Repeat each entry as written and leave the images out of the copy.

Saved entries
######

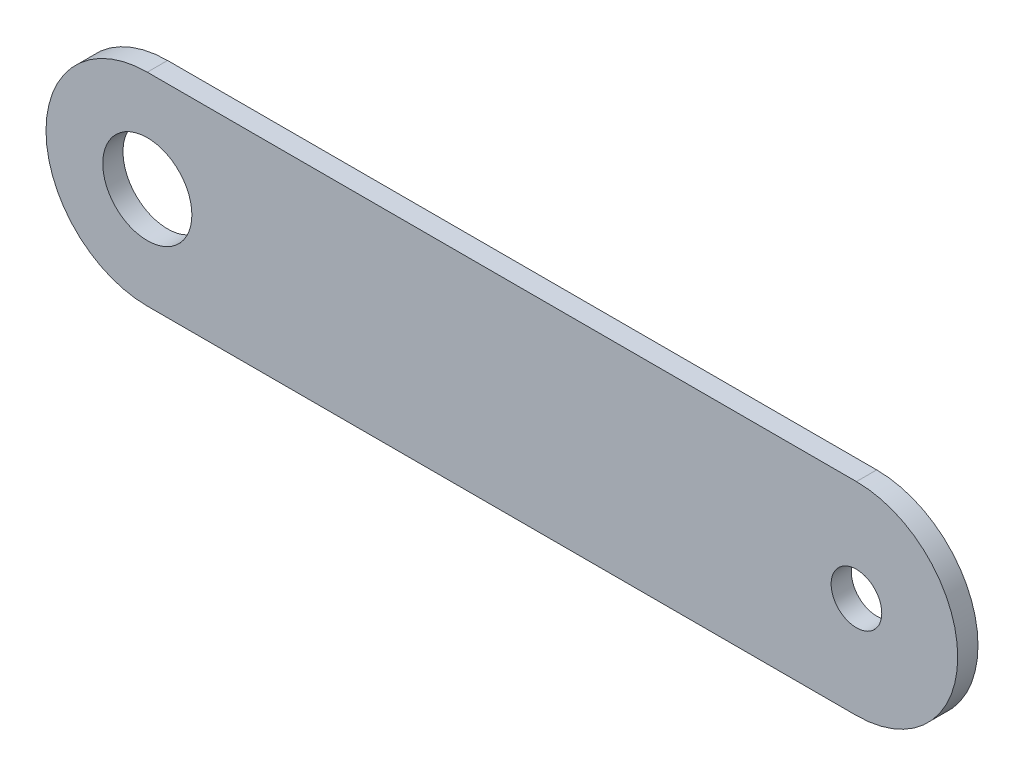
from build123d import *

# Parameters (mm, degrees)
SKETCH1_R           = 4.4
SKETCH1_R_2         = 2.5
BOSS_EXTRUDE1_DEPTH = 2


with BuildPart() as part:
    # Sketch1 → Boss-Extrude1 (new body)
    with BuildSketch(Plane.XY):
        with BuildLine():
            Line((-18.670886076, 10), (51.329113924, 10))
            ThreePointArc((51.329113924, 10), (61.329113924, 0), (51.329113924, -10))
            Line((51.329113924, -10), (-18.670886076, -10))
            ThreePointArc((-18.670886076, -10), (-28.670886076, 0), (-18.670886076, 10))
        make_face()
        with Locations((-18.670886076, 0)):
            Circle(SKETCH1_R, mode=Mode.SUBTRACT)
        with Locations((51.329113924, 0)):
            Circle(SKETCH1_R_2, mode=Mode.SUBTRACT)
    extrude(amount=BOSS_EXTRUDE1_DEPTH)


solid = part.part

######

**Answer box:**
from build123d import *

# Parameters (mm, degrees)
SKETCH1_R           = 4.4
SKETCH1_R_2         = 2.5
BOSS_EXTRUDE1_DEPTH = 2


with BuildPart() as part:
    # Sketch1 → Boss-Extrude1 (new body)
    with BuildSketch(Plane.XY):
        with BuildLine():
            Line((-18.670886076, 10), (51.329113924, 10))
            ThreePointArc((51.329113924, 10), (61.329113924, 0), (51.329113924, -10))
            Line((51.329113924, -10), (-18.670886076, -10))
            ThreePointArc((-18.670886076, -10), (-28.670886076, 0), (-18.670886076, 10))
        make_face()
        with Locations((-18.670886076, 0)):
            Circle(SKETCH1_R, mode=Mode.SUBTRACT)
        with Locations((51.329113924, 0)):
            Circle(SKETCH1_R_2, mode=Mode.SUBTRACT)
    extrude(amount=BOSS_EXTRUDE1_DEPTH)


solid = part.part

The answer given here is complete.